I will never forget that first appointment with our DAN doctor.  He sat me down and flat out said “There is no silver bullet for these kids”   He meant in regards to recovering.   There was no specific set of supplements that would make all our kids recover.  Honestly I wish to God it was that simple.  You know, like how western medicine acts to MANY conditions.  Pop a pill and you’re all better.  YAY!

But autism spectrum disorder is not that way.  Underneath it all, there are multiple medical conditions going on.   Things like clostridia, mito dysfunction, oxidative stress, neurotransmitter imbalances, food allergies….Just to name a few.

Some kids with autism are completely non-verbal.  Others are very verbal.  Some children have tic behaviors, others do not.   Children on the spectrum have different stimming behaviors.   My son was a drooler, toe walker, head dragger, let me push my entire body weight into you, and make you almost fall over even though I only weigh 30lbs….. kind of kid.

No two kids are the same.   There is no silver bullet!  And yes, that really sucks!!

During the seven years I have been in the biomed community I have met parents whom have children with:

– high metals

– high vitamin D

– the MTHFR gene mutation

My son has none of these issues. 

I have met parents whom have children with:

– Only 1 food allergy

–  Have huge improvements with Vitamin B6

– Rave about Epsom Salt

– Have high levels of ammonia

Again….. not my son.  He had 5 food allergies, 30 food sensitivities, B6 made him so hyper and caused him to have sleep apnea at night cause he snored so loud while on it.   Epsom salt made him irritable.

Our children are all individuals right down to the core.  No wonder there is no “silver bullet” of treatment.

So what is one to do?

I am just a mom.   But I can tell you the one thing that I have found in common with all our children.  THEY NEED THE RIGHT TESTS RUN!!  My biomed motto has become “Don’t guess, do a test”

If I had to narrow it down to 4 tests to start out with on your biomed journey,  they would be the Genova Diagnostics NutrEval & CDSA,  Alletess’s IgG & IgE allergy panel, and the 23andMe genetic testing.  (click here for more info)

Through testing we found out what exactly was going on inside my son.  More information than I could post here in one sitting.  But a small sample would be, at one time he had high yeast (which is now in normal levels),  BHMT/CBS homozygeous mutations (TMG  works great for him),  He’s overly sensitive to Epsom Salt, and strong chelators are not good for him,   He was really low in vitamin B1, but his B6 and B12 are normal.

I have had parents ask me questions about supplements my son is on.   And I am very happy to help answer any questions they have about the actual supplement.  What it is used for, what it is suppose to help with.
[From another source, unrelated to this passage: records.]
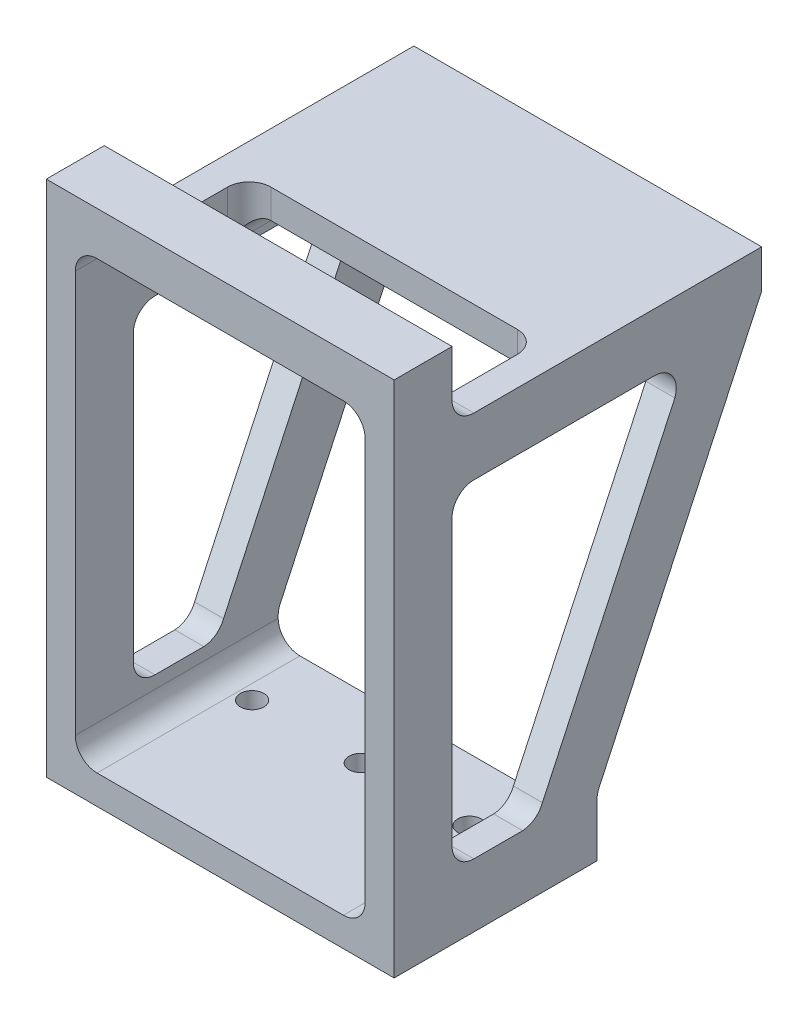
SolidWorks part; units mm, degrees
ref_plane "Front Plane" through (0, 0, 0) normal (0, 0, 1) x (1, 0, 0)
ref_plane "Top Plane" through (0, 0, 0) normal (0, 1, 0) x (1, 0, 0)
ref_plane "Right Plane" through (0, 0, 0) normal (1, 0, 0) x (0, 0, -1)
sketch "Sketch1" plane through (0, 0, 0) normal (0, 1, 0) x (1, 0, 0)
  line L0 (0, 148.354) -> (0, -12.7) construction
  line L2 (-76.2, 148.354) -> (-76.2, -12.7)
  line L3 (-76.2, -12.7) -> (76.2, -12.7)
  line L4 (76.2, 148.354) -> (76.2, -12.7)
  line L5 (76.2, 148.354) -> (-76.2, 148.354)
  dimension "D1" = 12.7
  dimension "D2" = 152.4
  dimension "D3" = 161.054
extrude "Boss-Extrude1" add sketch "Sketch1" along normal blind 179.05 and the other way blind 139.192
ref_plane "Plane1" through (0, -47.895, 0) normal (0, 1, 0) x (1, 0, 0)
other "SurfaceCut1"
sketch "Sketch3" plane through (0, 0, 0) normal (1, 0, 0) x (0, 0, -1)
  line L0 (-12.7, -47.895) -> (148.354, -47.895) construction
  line L1 (0, -38.37) -> (75, -38.37)
  line L2 (0, -38.37) -> (0, -47.895)
  line L3 (0, -47.895) -> (75, -47.895)
  line L4 (75, -38.37) -> (75, -47.895)
  dimension "D1" = 9.525
  dimension "D2" = 75
extrude "Boss-Extrude2" add sketch "Sketch3" along normal up to surface and the other way up to surface up to face at (76.2, 65.5775, -67.827) other way up to face at (-76.2, 65.5775, -67.827)
sketch "Sketch5" plane through (0, 0, 0) normal (0, 1, 0) x (1, 0, 0)
  line L0 (0, 48.895) -> (0, 23.495) construction
  line L9 (-47.625, 48.895) -> (-47.625, 23.495)
  line L11 (47.625, 23.495) -> (47.625, 48.895)
  line L17 (-47.625, 23.495) -> (47.625, 23.495) construction
  line L19 (47.625, 48.895) -> (-47.625, 48.895) construction
  dimension "D1" = 95.25
  dimension "D2" = 25.4
  dimension "D3" = 23.495
hole_wizard "3/8 Clearance Hole1" positions "Sketch6" profile "Sketch7" hole size "3/8" standard "ANSI Inch" end condition through all
sketch "Sketch6" plane through (0, -47.895, 0) normal (0, 1, 0) x (1, 0, 0)
  line L0 (47.625, 48.895) -> (-47.625, 48.895) construction
  point P0 (47.625, 48.895)
  point P4 (-47.625, 48.895)
  point P6 (0, 48.895)
sketch "Sketch7" plane through (47.625, -47.895, -48.895) normal (1, 0, 0) x (0, 0, -1)
  line L0 (0, 0) -> (0, 226.945)
  line L1 (0, 226.945) -> (5.1587, 226.945)
  line L2 (5.1587, 226.945) -> (5.1587, 0)
  line L5 (5.1587, 0) -> (0, 0)
  line L11 (0, -6.35) -> (0, 107.95) construction
  dimension "Thru Hole Dia." = 10.3175
  dimension "Thru Hole Depth" = 226.945
sketch "Sketch4" [suppressed] plane through (76.2, 0, 0) normal (1, 0, 0) x (0, 0, -1)
  line L0 (9.525, 179.05) -> (75, 45.7)
rib "Rib1" [suppressed] sketch "Sketch4" sketch "Sketch4" thickness 9.525 extrusion direction parallel to sketch draft on no parameters "D1"=9.525
mirror "Mirror1" [suppressed] about plane through (0, 0, 0) normal (1, 0, 0)
sketch "Sketch8" plane through (0, 0, 0) normal (1, 0, 0) x (0, 0, -1)
  line L0 (-295, 149.025) -> (-405, 149.025) construction
  line L1 (266.7, 301.425) -> (12.7, 301.425)
  line L2 (266.7, 301.425) -> (266.7, 149.025)
  line L3 (266.7, 149.025) -> (12.7, 149.025)
  line L4 (12.7, 301.425) -> (12.7, 149.025)
  dimension "D1" = 12.7
  dimension "D2" = 152.4
  dimension "D3" = 254
extrude "Cut-Extrude1" cut sketch "Sketch8" against normal through all both and the other way through all
fillet "Fillet1" radius 9.525 1 edges at (0, 149.025, -12.7)
sketch "Sketch10" plane through (0, 149.025, 0) normal (0, 1, 0) x (1, 0, 0)
  line L20 (0, 63.5) -> (0, 12.7) construction
  line L21 (63.5, 63.5) -> (-63.5, 63.5)
  line L22 (63.5, 63.5) -> (63.5, 12.7)
  line L23 (63.5, 12.7) -> (-63.5, 12.7)
  line L24 (-63.5, 63.5) -> (-63.5, 12.7)
  line L25 (76.2, 22.225) -> (76.2, 148.354) construction
  line L26 (76.2, 12.7) -> (-76.2, 12.7) construction
  dimension "D1" = 12.7
  dimension "D2" = 50.8
extrude "Cut-Extrude2" cut sketch "Sketch10" against normal offset from surface 12.7 and the other way blind 101.6 up to face at (47.625, -47.895, -54.0537)
fillet "Fillet2" radius 9.525 4 edges at (-63.5, 56.915, -63.5) (-63.5, 61.6775, -12.7) (63.5, 61.6775, -12.7) (63.5, 56.915, -63.5)
sketch "Sketch11" plane through (0, 0, 0) normal (1, 0, 0) x (0, 0, -1)
  line L0 (279.4, 413.2688) -> (76.2, -22.495)
  line L1 (279.4, 413.2688) -> (279.4, -78.833)
  line L2 (279.4, -78.833) -> (76.2, -78.833)
  line L3 (76.2, -22.495) -> (76.2, -78.833)
  line L4 (-12.7, 179.05) -> (-12.7, -47.895) construction
  line L5 (148.354, -47.895) -> (-12.7, -47.895) construction
  dimension "D1" = 65
  dimension "D2" = 88.9
  dimension "D3" = 25.4
  dimension "D4" = 203.2
extrude "Cut-Extrude3" cut sketch "Sketch11" against normal through all both and the other way through all
fillet "Fillet3" radius 9.525 1 edges at (0, -22.495, -76.2)
sketch "Sketch14" plane through (0, 0, -148.354) normal (0, 0, -1) x (-1, 0, 0)
  line L0 (0, 136.325) -> (0, -35.195) construction
  line L1 (-63.5, 136.325) -> (63.5, 136.325)
  line L2 (-63.5, 136.325) -> (-63.5, -35.195)
  line L3 (-63.5, -35.195) -> (63.5, -35.195)
  line L4 (63.5, 136.325) -> (63.5, -35.195)
  line L6 (76.2, 149.025) -> (-76.2, 149.025) construction
  line L9 (76.2, -47.895) -> (-76.2, -47.895) construction
  line L10 (-76.2, 132.2398) -> (-76.2, 149.025) construction
  dimension "D1" = 12.7
  dimension "D2" = 12.7
  dimension "D3" = 12.7
extrude "Cut-Extrude4" cut sketch "Sketch14" against normal up to surface (135.654 mm away) up to face at (0, 115.2388, -12.7)
sketch "Sketch15" plane through (0, 0, 0) normal (0, 0, 1) x (1, 0, 0)
  line L0 (0, 160) -> (0, -35.195) construction
  line L1 (63.5, 160) -> (-63.5, 160)
  line L2 (63.5, 160) -> (63.5, -35.195)
  line L3 (63.5, -35.195) -> (-63.5, -35.195)
  line L4 (-63.5, 160) -> (-63.5, -35.195)
  line L5 (-76.2, 179.05) -> (76.2, 179.05) construction
  line L7 (-63.5, -35.195) -> (-63.5, 136.325) construction
  line L8 (63.5, -35.195) -> (-63.5, -35.195) construction
  dimension "D1" = 19.05
extrude "Cut-Extrude5" cut sketch "Sketch15" along normal through all and the other way blind 25.4
fillet "Fillet5" radius 9.525 6 edges at (63.5, 160, 0) (-63.5, 160, 0) (-63.5, 136.325, -101.1645) (63.5, 136.325, -101.1645) (63.5, -35.195, -31.75) (-63.5, -35.195, -31.75)
sketch "Sketch16" plane through (0, 0, 0) normal (1, 0, 0) x (0, 0, -1)
  line L6 (12.7, -22.495) -> (50.8639, -22.495)
  line L7 (22.225, -20.1525) -> (43.6105, -20.1525)
  line L8 (54.0722, -9.8467) -> (116.3111, 123.625)
  line L9 (52.2795, -13.8365) -> (110.2895, 110.6975)
  line L18 (12.7, 124.949) -> (12.7, -22.495)
  line L19 (116.3111, 123.625) -> (22.225, 123.625)
  line L22 (12.7, 114.1) -> (12.7, -10.6275)
  line L23 (101.3929, 123.625) -> (22.225, 123.625)
  arc A0 (43.6105, -20.1525) -> (52.2795, -13.8365) centre (43.0272, -10.2447) ccw
  arc A3 (22.225, -20.1525) -> (12.7, -10.6275) centre (22.225, -10.6275) cw
  arc A4 (54.0722, -9.8467) -> (50.8639, -22.495) centre (85.725, -24.6066) ccw
  arc A5 (12.7, 124.949) -> (22.225, 123.625) centre (22.225, 158.55) ccw
  arc A8 (22.225, 123.625) -> (12.7, 114.1) centre (22.225, 114.1) ccw
  arc A9 (110.2895, 110.6975) -> (101.3929, 123.625) centre (101.3929, 114.1) ccw
  dimension "D1" = 25.4
extrude "Cut-Extrude6" cut sketch "Sketch16" against normal through all both and the other way through all

I will also tell them about my sons experience on that particular supplement.   But I want to urge parents to never start a supplement, just because it helped someone else’s child.   That can lead to horrible outcomes and regression.   Always remember our children are individuals and have their own specific set of needs.    Needs that you won’t exactly know of if you don’t do testing.   Testing lays the ground work for your child’s recovery. 

If you find a supplement that you think might help your child, research it.  Refer to your child’s test results to see if it might be a good fit. Most importantly, talk to your DAN doctor about it before starting your child on a new supplement.  Get their opinion, and find out the correct dosage your child would need.

Remember why most of us stopped trusting western medicine in the first place, and turned to biomedical intervention.  We wanted to know WHY this was happening to our kids, and how to properly fix it.  We didn’t want a band-aid treatment.   We knew it was going to be a lot of work, and we knew that recovery wasn’t going to be “instant potatoes”.  Healing takes time.   But with black and white test results in front of us, it can make this journey a little easier.   We can physically look down at a test and see what we are dealing with!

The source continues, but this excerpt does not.